**Task:** Quote exactly and only this range of lines in the data below: the line that holds "#67=LINE('',#66,#65);" to the line that holds "#118=CARTESIAN_POINT('',(0.,0.2,-0.2));", both included.

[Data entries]
== == ==
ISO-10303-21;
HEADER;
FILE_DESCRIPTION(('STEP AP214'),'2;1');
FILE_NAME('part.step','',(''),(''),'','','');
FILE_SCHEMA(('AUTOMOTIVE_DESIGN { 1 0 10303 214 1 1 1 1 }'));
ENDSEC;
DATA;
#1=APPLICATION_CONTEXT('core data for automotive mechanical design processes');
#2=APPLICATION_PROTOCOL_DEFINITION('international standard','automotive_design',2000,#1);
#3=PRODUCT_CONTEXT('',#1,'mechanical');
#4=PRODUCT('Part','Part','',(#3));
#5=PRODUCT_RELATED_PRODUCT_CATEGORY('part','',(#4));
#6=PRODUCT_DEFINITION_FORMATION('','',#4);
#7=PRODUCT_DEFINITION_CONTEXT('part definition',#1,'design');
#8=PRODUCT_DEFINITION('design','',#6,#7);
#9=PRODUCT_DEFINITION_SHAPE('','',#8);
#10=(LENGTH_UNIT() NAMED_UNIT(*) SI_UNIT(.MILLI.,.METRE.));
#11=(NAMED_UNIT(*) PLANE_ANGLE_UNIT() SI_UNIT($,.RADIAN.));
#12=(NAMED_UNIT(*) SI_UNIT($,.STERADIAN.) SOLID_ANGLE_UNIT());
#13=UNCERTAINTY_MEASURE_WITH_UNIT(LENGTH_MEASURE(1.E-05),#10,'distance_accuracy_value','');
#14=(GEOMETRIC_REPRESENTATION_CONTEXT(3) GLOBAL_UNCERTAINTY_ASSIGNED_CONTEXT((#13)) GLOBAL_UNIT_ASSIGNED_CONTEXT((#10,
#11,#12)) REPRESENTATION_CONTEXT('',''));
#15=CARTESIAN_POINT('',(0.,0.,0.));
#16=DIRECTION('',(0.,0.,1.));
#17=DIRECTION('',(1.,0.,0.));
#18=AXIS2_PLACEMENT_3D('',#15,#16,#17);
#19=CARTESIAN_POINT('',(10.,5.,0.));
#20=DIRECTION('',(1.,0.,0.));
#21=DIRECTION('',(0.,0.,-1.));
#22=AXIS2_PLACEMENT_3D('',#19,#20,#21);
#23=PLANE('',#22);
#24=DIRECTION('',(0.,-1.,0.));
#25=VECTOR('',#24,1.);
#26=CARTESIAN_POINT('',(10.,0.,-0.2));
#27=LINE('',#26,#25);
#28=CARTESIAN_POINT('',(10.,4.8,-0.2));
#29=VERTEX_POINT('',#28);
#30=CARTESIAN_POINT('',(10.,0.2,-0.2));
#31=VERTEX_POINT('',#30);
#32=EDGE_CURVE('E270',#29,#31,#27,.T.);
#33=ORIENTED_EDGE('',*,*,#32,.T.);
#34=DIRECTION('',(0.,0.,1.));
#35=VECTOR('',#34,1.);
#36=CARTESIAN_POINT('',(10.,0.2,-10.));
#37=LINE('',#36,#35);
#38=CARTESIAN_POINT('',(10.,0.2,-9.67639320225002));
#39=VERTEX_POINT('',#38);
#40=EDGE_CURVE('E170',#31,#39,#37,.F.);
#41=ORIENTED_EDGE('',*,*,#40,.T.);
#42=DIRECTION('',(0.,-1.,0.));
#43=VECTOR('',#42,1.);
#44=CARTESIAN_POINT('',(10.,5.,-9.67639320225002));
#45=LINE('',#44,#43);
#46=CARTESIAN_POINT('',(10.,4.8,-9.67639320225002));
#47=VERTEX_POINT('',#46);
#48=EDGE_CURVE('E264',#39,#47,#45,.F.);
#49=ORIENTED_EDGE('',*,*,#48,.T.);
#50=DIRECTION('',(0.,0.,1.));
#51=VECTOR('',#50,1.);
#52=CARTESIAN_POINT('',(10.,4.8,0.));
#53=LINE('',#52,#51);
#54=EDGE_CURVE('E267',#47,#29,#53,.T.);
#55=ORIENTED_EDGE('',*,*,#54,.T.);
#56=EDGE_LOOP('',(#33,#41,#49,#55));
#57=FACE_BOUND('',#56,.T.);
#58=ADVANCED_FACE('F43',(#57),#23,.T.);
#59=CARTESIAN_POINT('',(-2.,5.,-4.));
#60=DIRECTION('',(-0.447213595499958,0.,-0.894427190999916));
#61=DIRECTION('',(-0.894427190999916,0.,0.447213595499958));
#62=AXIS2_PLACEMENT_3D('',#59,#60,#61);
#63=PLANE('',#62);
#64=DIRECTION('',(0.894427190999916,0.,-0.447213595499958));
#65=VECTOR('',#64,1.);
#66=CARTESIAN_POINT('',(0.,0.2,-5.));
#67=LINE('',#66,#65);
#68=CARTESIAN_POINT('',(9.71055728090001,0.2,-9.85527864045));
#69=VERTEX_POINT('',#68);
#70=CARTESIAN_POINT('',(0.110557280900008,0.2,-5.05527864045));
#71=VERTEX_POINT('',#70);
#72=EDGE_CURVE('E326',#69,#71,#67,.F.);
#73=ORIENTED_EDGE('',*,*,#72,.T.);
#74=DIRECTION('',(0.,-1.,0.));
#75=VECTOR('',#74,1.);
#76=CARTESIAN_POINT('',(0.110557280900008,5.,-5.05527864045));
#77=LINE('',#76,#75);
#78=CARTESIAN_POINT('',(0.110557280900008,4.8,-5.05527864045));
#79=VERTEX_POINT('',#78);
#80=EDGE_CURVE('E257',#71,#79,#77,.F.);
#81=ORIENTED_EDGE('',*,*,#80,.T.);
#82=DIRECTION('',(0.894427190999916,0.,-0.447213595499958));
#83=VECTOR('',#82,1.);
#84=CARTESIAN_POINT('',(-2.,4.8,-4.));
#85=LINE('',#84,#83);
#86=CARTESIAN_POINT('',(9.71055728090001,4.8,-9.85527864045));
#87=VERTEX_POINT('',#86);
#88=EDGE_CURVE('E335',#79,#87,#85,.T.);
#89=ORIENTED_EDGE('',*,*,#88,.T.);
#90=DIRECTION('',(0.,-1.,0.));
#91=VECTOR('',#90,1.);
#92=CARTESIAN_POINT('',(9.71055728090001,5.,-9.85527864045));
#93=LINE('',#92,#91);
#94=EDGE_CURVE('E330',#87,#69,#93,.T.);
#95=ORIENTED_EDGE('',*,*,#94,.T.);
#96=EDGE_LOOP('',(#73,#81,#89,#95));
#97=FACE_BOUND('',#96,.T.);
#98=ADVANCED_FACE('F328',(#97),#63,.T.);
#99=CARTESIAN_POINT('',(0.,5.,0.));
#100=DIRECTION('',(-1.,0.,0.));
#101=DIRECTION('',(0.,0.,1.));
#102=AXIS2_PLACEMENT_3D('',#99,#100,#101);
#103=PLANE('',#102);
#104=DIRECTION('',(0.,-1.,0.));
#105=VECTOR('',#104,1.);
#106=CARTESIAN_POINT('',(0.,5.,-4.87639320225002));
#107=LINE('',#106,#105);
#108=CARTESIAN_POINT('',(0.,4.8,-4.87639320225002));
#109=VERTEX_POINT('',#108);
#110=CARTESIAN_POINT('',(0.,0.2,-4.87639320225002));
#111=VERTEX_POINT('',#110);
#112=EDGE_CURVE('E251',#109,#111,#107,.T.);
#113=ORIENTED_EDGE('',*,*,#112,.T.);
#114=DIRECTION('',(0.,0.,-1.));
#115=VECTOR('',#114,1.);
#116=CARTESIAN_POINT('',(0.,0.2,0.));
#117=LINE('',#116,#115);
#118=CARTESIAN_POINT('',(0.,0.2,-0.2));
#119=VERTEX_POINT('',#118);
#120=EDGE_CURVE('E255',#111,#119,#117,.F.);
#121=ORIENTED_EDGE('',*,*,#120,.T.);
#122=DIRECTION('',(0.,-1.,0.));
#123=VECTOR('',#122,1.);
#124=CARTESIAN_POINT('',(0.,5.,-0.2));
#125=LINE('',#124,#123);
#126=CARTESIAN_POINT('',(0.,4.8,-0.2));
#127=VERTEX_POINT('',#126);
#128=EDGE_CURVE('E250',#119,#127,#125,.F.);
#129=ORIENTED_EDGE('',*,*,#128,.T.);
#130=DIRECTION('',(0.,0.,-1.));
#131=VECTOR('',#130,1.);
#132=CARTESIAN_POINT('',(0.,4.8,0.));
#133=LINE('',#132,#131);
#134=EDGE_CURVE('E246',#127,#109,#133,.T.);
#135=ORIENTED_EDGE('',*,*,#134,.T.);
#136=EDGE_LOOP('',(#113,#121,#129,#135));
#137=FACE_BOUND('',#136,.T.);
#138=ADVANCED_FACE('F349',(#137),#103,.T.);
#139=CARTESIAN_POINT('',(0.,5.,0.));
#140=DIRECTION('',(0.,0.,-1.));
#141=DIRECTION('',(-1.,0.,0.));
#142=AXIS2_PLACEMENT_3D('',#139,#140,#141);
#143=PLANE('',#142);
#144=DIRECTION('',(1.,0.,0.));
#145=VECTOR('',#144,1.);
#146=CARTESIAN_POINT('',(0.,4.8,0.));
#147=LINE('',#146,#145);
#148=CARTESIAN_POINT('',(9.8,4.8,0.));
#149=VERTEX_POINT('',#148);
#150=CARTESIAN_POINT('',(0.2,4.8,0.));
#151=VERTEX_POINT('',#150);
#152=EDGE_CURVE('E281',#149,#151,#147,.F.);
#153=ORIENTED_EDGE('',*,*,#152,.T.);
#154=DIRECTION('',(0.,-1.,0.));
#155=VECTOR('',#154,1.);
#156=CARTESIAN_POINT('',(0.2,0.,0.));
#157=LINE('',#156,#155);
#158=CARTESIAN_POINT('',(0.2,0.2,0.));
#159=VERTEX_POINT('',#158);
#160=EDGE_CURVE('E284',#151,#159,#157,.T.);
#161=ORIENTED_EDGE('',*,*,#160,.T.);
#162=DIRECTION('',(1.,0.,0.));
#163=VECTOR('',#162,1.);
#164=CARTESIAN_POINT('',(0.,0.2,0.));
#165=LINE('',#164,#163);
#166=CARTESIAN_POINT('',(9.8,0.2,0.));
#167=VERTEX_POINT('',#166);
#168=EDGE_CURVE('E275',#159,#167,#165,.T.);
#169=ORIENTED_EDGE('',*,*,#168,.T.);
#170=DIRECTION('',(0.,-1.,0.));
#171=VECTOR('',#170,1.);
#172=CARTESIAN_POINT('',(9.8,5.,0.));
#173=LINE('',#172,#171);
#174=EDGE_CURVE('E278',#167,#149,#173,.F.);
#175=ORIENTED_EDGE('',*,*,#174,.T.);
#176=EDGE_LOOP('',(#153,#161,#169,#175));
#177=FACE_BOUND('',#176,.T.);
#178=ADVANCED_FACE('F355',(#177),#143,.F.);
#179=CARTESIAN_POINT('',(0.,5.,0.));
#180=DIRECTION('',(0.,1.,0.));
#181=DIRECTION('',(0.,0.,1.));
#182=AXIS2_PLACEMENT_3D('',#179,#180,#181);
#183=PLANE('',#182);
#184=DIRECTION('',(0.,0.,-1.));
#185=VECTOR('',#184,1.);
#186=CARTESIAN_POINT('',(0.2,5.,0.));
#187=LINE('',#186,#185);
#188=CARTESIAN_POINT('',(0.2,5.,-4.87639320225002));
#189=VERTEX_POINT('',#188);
== == ==
**Task response:**
#67=LINE('',#66,#65);
#68=CARTESIAN_POINT('',(9.71055728090001,0.2,-9.85527864045));
#69=VERTEX_POINT('',#68);
#70=CARTESIAN_POINT('',(0.110557280900008,0.2,-5.05527864045));
#71=VERTEX_POINT('',#70);
#72=EDGE_CURVE('E326',#69,#71,#67,.F.);
#73=ORIENTED_EDGE('',*,*,#72,.T.);
#74=DIRECTION('',(0.,-1.,0.));
#75=VECTOR('',#74,1.);
#76=CARTESIAN_POINT('',(0.110557280900008,5.,-5.05527864045));
#77=LINE('',#76,#75);
#78=CARTESIAN_POINT('',(0.110557280900008,4.8,-5.05527864045));
#79=VERTEX_POINT('',#78);
#80=EDGE_CURVE('E257',#71,#79,#77,.F.);
#81=ORIENTED_EDGE('',*,*,#80,.T.);
#82=DIRECTION('',(0.894427190999916,0.,-0.447213595499958));
#83=VECTOR('',#82,1.);
#84=CARTESIAN_POINT('',(-2.,4.8,-4.));
#85=LINE('',#84,#83);
#86=CARTESIAN_POINT('',(9.71055728090001,4.8,-9.85527864045));
#87=VERTEX_POINT('',#86);
#88=EDGE_CURVE('E335',#79,#87,#85,.T.);
#89=ORIENTED_EDGE('',*,*,#88,.T.);
#90=DIRECTION('',(0.,-1.,0.));
#91=VECTOR('',#90,1.);
#92=CARTESIAN_POINT('',(9.71055728090001,5.,-9.85527864045));
#93=LINE('',#92,#91);
#94=EDGE_CURVE('E330',#87,#69,#93,.T.);
#95=ORIENTED_EDGE('',*,*,#94,.T.);
#96=EDGE_LOOP('',(#73,#81,#89,#95));
#97=FACE_BOUND('',#96,.T.);
#98=ADVANCED_FACE('F328',(#97),#63,.T.);
#99=CARTESIAN_POINT('',(0.,5.,0.));
#100=DIRECTION('',(-1.,0.,0.));
#101=DIRECTION('',(0.,0.,1.));
#102=AXIS2_PLACEMENT_3D('',#99,#100,#101);
#103=PLANE('',#102);
#104=DIRECTION('',(0.,-1.,0.));
#105=VECTOR('',#104,1.);
#106=CARTESIAN_POINT('',(0.,5.,-4.87639320225002));
#107=LINE('',#106,#105);
#108=CARTESIAN_POINT('',(0.,4.8,-4.87639320225002));
#109=VERTEX_POINT('',#108);
#110=CARTESIAN_POINT('',(0.,0.2,-4.87639320225002));
#111=VERTEX_POINT('',#110);
#112=EDGE_CURVE('E251',#109,#111,#107,.T.);
#113=ORIENTED_EDGE('',*,*,#112,.T.);
#114=DIRECTION('',(0.,0.,-1.));
#115=VECTOR('',#114,1.);
#116=CARTESIAN_POINT('',(0.,0.2,0.));
#117=LINE('',#116,#115);
#118=CARTESIAN_POINT('',(0.,0.2,-0.2));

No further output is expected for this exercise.